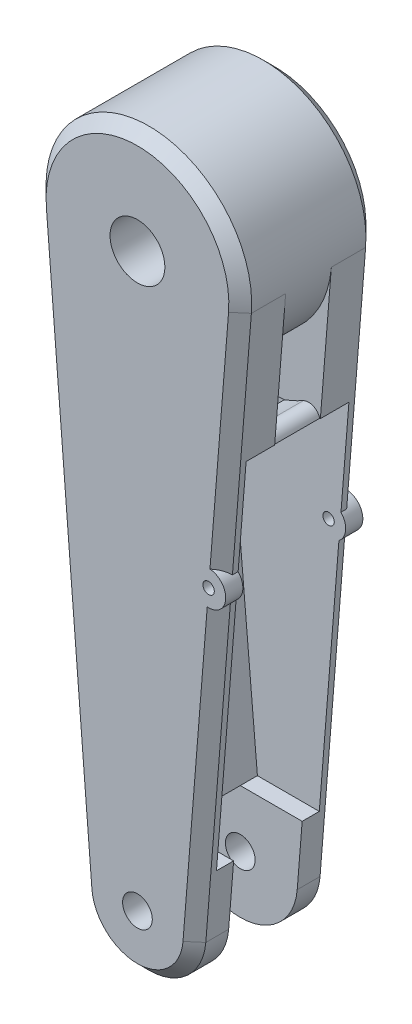
from build123d import *

# Parameters (mm, degrees)
SKETCH1_R                = 45
SKETCH1_R_2              = 12
BOSS_EXTRUDE1_DEPTH      = 30
SKETCH2_R                = 6.500000000000002
BOSS_EXTRUDE2_DEPTH      = 60.00000000000001
CUT_EXTRUDE1_DEPTH       = 15
CHAMFER1_SIZE            = 5
SKETCH4_R                = 68.57027417716169
CUT_EXTRUDE3_DEPTH       = 10
FILLET1_R                = 5
CUT_EXTRUDE4_DEPTH       = 281.26772914483035
CUT_EXTRUDE4_DEPTH_BACK  = 281.26772914483035
SKETCH5_R                = 2.5000000000000058
BOSS_EXTRUDE3_DEPTH      = 30
BOSS_EXTRUDE3_DEPTH_BACK = 30
SKETCH6_R                = 7.499999999999997
SKETCH6_R_2              = 2.5000000000000058
CUT_EXTRUDE5_DEPTH       = 22.5


with BuildPart() as part:
    # Sketch1 → Boss-Extrude1 (new, symmetric)
    with BuildSketch(Plane.XY):
        Circle(SKETCH1_R)
        Circle(SKETCH1_R_2, mode=Mode.SUBTRACT)
    extrude(amount=BOSS_EXTRUDE1_DEPTH, both=True)

    # Sketch2 → Boss-Extrude2 (add)
    with BuildSketch(Plane.XY.offset(30)):
        with BuildLine():
            Line((-44.85576885975762, -3.600000000000007), (-24.91987158875419, -252))
            ThreePointArc((-24.91987158875419, -252), (3.215e-14, -275), (24.91987158875426, -252))
            Line((24.91987158875426, -252), (44.85576885975761, -3.5999999999999956))
            ThreePointArc((44.85576885975761, -3.5999999999999956), (2.76e-15, -45.000000000000014), (-44.85576885975762, -3.600000000000007))
        make_face()
        with Locations((3.062e-14, -250)):
            Circle(SKETCH2_R, mode=Mode.SUBTRACT)
    extrude(amount=-BOSS_EXTRUDE2_DEPTH)

    # Sketch3 → Cut-Extrude1 (cut, symmetric)
    with BuildSketch(Plane.XY):
        with BuildLine():
            Line((-27.08681694429805, -225), (-24.91987158875419, -252))
            ThreePointArc((-24.91987158875419, -252), (3.215e-14, -275), (24.91987158875426, -252))
            Line((24.91987158875426, -252), (27.086816944298096, -225))
            Line((27.086816944298096, -225), (-27.08681694429805, -225))
        make_face()
    extrude(amount=CUT_EXTRUDE1_DEPTH, both=True, mode=Mode.SUBTRACT)

    # Chamfer1
    chamfer1_edges = [part.edges().sort_by_distance(p)[0] for p in [
        (-1.599e-14, 44.99999999999999, 30),
        (5.77e-15, 44.99999999999999, -29.99999999999991),
        (34.88782022425593, -127.8, -30.000000000000007),
        (3.042e-14, -275, -30.000000000000007),
        (-34.887820224255904, -127.80000000000001, -30.000000000000007),
        (-34.887820224255904, -127.80000000000001, 30),
        (3.042e-14, -275, 30),
        (34.88782022425593, -127.8, 30),
    ]]
    chamfer(chamfer1_edges, length=CHAMFER1_SIZE)

    # Sketch4 → Cut-Extrude3 (cut, symmetric)
    with BuildSketch(Plane.XY):
        Circle(SKETCH4_R)
        with BuildLine():
            ThreePointArc((44.99999999999999, 4.4e-16), (44.963927757087085, -1.8014440472726034), (44.8557688597576, -3.599999999999995))
            ThreePointArc((44.855768859757625, -3.600000000000005), (-8.27e-15, -45.00000000000002), (-44.855768859757625, -3.6000000000000085))
            ThreePointArc((-44.85576885975762, -3.6000000000000054), (-1.8014440472726134, 44.963927757087085), (44.99999999999999, 4.4e-16))
        make_face(mode=Mode.SUBTRACT)
    extrude(amount=CUT_EXTRUDE3_DEPTH, both=True, mode=Mode.SUBTRACT)

    # Fillet1
    # the kernel refuses this fillet: 5 mm, written as the material it takes off along each edge
    with BuildSketch(Plane(origin=(-40.716681036978386, -55.17276851911722, -10), x_dir=(0.07999999999999997, -0.9967948635501691, 0), z_dir=(0, 0, 1))) as fillet1_piece_1:
        with BuildLine():
            CenterArc((10.007537661154231, 4.999999999999998), FILLET1_R, 147.0642758003335, 122.9357241996666)
            ThreePointArc((5.81113251406956, 7.7184892572017425), (3.041676337682726, 3.7567694305680726), (0, 0))
            Line((0, 0), (10.007537661154236, 2e-17))
        make_face()
    extrude(amount=20, mode=Mode.SUBTRACT)
    with BuildSketch(Plane(origin=(40.7166810369784, -55.17276851911721, -10), x_dir=(-0.08000000000000003, -0.9967948635501691, 0), z_dir=(0, 0, 1))) as fillet1_piece_2:
        with BuildLine():
            CenterArc((10.007537661154224, -4.999999999999998), FILLET1_R, 89.99999999999993, 122.93572419966637)
            ThreePointArc((5.811132514069545, -7.718489257201729), (3.0416763376827105, -3.756769430568052), (0, 0))
            Line((0, 0), (10.00753766115423, -4e-17))
        make_face()
    extrude(amount=20, mode=Mode.SUBTRACT)

    # Sketch5 → Cut-Extrude4 (cut, two sides: drawn at the far end of the back side and taken through both)
    with BuildSketch(Plane.XY.offset(-CUT_EXTRUDE4_DEPTH_BACK)):
        with Locations(Location((31.135897271003447, -112.0487191029763, 0), (0, 0, 85.411434264))):
            Circle(SKETCH5_R)
    extrude(amount=CUT_EXTRUDE4_DEPTH + CUT_EXTRUDE4_DEPTH_BACK, mode=Mode.SUBTRACT)

    # Sketch6 → Boss-Extrude3 (add, two sides: drawn at the far end of the back side and taken through both)
    with BuildSketch(Plane.XY.offset(-BOSS_EXTRUDE3_DEPTH_BACK)):
        with Locations((31.135897271003447, -112.0487191029763)):
            Circle(SKETCH6_R)
        with Locations((31.135897271003447, -112.0487191029763)):
            Circle(SKETCH6_R_2, mode=Mode.SUBTRACT)
    extrude(amount=BOSS_EXTRUDE3_DEPTH + BOSS_EXTRUDE3_DEPTH_BACK)

    # Sketch8 → Cut-Extrude5 (cut, symmetric)
    with BuildSketch(Plane.XY):
        Polygon((39.65576885975762, -225), (39.655768859757615, -68.39166613076095), (40.05576885975761, -63.40769181301013), (0, -65.20900375479165), (-13.97990070496815, -65.20900375479165), (2.082e-14, -225), (27.086816944298096, -225), align=None)
    extrude(amount=CUT_EXTRUDE5_DEPTH, both=True, mode=Mode.SUBTRACT)


solid = part.part

------------------------

### Action item:
Retype each entry exactly as it appears, excluding any image.

### Expected answer:
from build123d import *

# Parameters (mm, degrees)
SKETCH1_R                = 45
SKETCH1_R_2              = 12
BOSS_EXTRUDE1_DEPTH      = 30
SKETCH2_R                = 6.500000000000002
BOSS_EXTRUDE2_DEPTH      = 60.00000000000001
CUT_EXTRUDE1_DEPTH       = 15
CHAMFER1_SIZE            = 5
SKETCH4_R                = 68.57027417716169
CUT_EXTRUDE3_DEPTH       = 10
FILLET1_R                = 5
CUT_EXTRUDE4_DEPTH       = 281.26772914483035
CUT_EXTRUDE4_DEPTH_BACK  = 281.26772914483035
SKETCH5_R                = 2.5000000000000058
BOSS_EXTRUDE3_DEPTH      = 30
BOSS_EXTRUDE3_DEPTH_BACK = 30
SKETCH6_R                = 7.499999999999997
SKETCH6_R_2              = 2.5000000000000058
CUT_EXTRUDE5_DEPTH       = 22.5


with BuildPart() as part:
    # Sketch1 → Boss-Extrude1 (new, symmetric)
    with BuildSketch(Plane.XY):
        Circle(SKETCH1_R)
        Circle(SKETCH1_R_2, mode=Mode.SUBTRACT)
    extrude(amount=BOSS_EXTRUDE1_DEPTH, both=True)

    # Sketch2 → Boss-Extrude2 (add)
    with BuildSketch(Plane.XY.offset(30)):
        with BuildLine():
            Line((-44.85576885975762, -3.600000000000007), (-24.91987158875419, -252))
            ThreePointArc((-24.91987158875419, -252), (3.215e-14, -275), (24.91987158875426, -252))
            Line((24.91987158875426, -252), (44.85576885975761, -3.5999999999999956))
            ThreePointArc((44.85576885975761, -3.5999999999999956), (2.76e-15, -45.000000000000014), (-44.85576885975762, -3.600000000000007))
        make_face()
        with Locations((3.062e-14, -250)):
            Circle(SKETCH2_R, mode=Mode.SUBTRACT)
    extrude(amount=-BOSS_EXTRUDE2_DEPTH)

    # Sketch3 → Cut-Extrude1 (cut, symmetric)
    with BuildSketch(Plane.XY):
        with BuildLine():
            Line((-27.08681694429805, -225), (-24.91987158875419, -252))
            ThreePointArc((-24.91987158875419, -252), (3.215e-14, -275), (24.91987158875426, -252))
            Line((24.91987158875426, -252), (27.086816944298096, -225))
            Line((27.086816944298096, -225), (-27.08681694429805, -225))
        make_face()
    extrude(amount=CUT_EXTRUDE1_DEPTH, both=True, mode=Mode.SUBTRACT)

    # Chamfer1
    chamfer1_edges = [part.edges().sort_by_distance(p)[0] for p in [
        (-1.599e-14, 44.99999999999999, 30),
        (5.77e-15, 44.99999999999999, -29.99999999999991),
        (34.88782022425593, -127.8, -30.000000000000007),
        (3.042e-14, -275, -30.000000000000007),
        (-34.887820224255904, -127.80000000000001, -30.000000000000007),
        (-34.887820224255904, -127.80000000000001, 30),
        (3.042e-14, -275, 30),
        (34.88782022425593, -127.8, 30),
    ]]
    chamfer(chamfer1_edges, length=CHAMFER1_SIZE)

    # Sketch4 → Cut-Extrude3 (cut, symmetric)
    with BuildSketch(Plane.XY):
        Circle(SKETCH4_R)
        with BuildLine():
            ThreePointArc((44.99999999999999, 4.4e-16), (44.963927757087085, -1.8014440472726034), (44.8557688597576, -3.599999999999995))
            ThreePointArc((44.855768859757625, -3.600000000000005), (-8.27e-15, -45.00000000000002), (-44.855768859757625, -3.6000000000000085))
            ThreePointArc((-44.85576885975762, -3.6000000000000054), (-1.8014440472726134, 44.963927757087085), (44.99999999999999, 4.4e-16))
        make_face(mode=Mode.SUBTRACT)
    extrude(amount=CUT_EXTRUDE3_DEPTH, both=True, mode=Mode.SUBTRACT)

    # Fillet1
    # the kernel refuses this fillet: 5 mm, written as the material it takes off along each edge
    with BuildSketch(Plane(origin=(-40.716681036978386, -55.17276851911722, -10), x_dir=(0.07999999999999997, -0.9967948635501691, 0), z_dir=(0, 0, 1))) as fillet1_piece_1:
        with BuildLine():
            CenterArc((10.007537661154231, 4.999999999999998), FILLET1_R, 147.0642758003335, 122.9357241996666)
            ThreePointArc((5.81113251406956, 7.7184892572017425), (3.041676337682726, 3.7567694305680726), (0, 0))
            Line((0, 0), (10.007537661154236, 2e-17))
        make_face()
    extrude(amount=20, mode=Mode.SUBTRACT)
    with BuildSketch(Plane(origin=(40.7166810369784, -55.17276851911721, -10), x_dir=(-0.08000000000000003, -0.9967948635501691, 0), z_dir=(0, 0, 1))) as fillet1_piece_2:
        with BuildLine():
            CenterArc((10.007537661154224, -4.999999999999998), FILLET1_R, 89.99999999999993, 122.93572419966637)
            ThreePointArc((5.811132514069545, -7.718489257201729), (3.0416763376827105, -3.756769430568052), (0, 0))
            Line((0, 0), (10.00753766115423, -4e-17))
        make_face()
    extrude(amount=20, mode=Mode.SUBTRACT)

    # Sketch5 → Cut-Extrude4 (cut, two sides: drawn at the far end of the back side and taken through both)
    with BuildSketch(Plane.XY.offset(-CUT_EXTRUDE4_DEPTH_BACK)):
        with Locations(Location((31.135897271003447, -112.0487191029763, 0), (0, 0, 85.411434264))):
            Circle(SKETCH5_R)
    extrude(amount=CUT_EXTRUDE4_DEPTH + CUT_EXTRUDE4_DEPTH_BACK, mode=Mode.SUBTRACT)

    # Sketch6 → Boss-Extrude3 (add, two sides: drawn at the far end of the back side and taken through both)
    with BuildSketch(Plane.XY.offset(-BOSS_EXTRUDE3_DEPTH_BACK)):
        with Locations((31.135897271003447, -112.0487191029763)):
            Circle(SKETCH6_R)
        with Locations((31.135897271003447, -112.0487191029763)):
            Circle(SKETCH6_R_2, mode=Mode.SUBTRACT)
    extrude(amount=BOSS_EXTRUDE3_DEPTH + BOSS_EXTRUDE3_DEPTH_BACK)

    # Sketch8 → Cut-Extrude5 (cut, symmetric)
    with BuildSketch(Plane.XY):
        Polygon((39.65576885975762, -225), (39.655768859757615, -68.39166613076095), (40.05576885975761, -63.40769181301013), (0, -65.20900375479165), (-13.97990070496815, -65.20900375479165), (2.082e-14, -225), (27.086816944298096, -225), align=None)
    extrude(amount=CUT_EXTRUDE5_DEPTH, both=True, mode=Mode.SUBTRACT)


solid = part.part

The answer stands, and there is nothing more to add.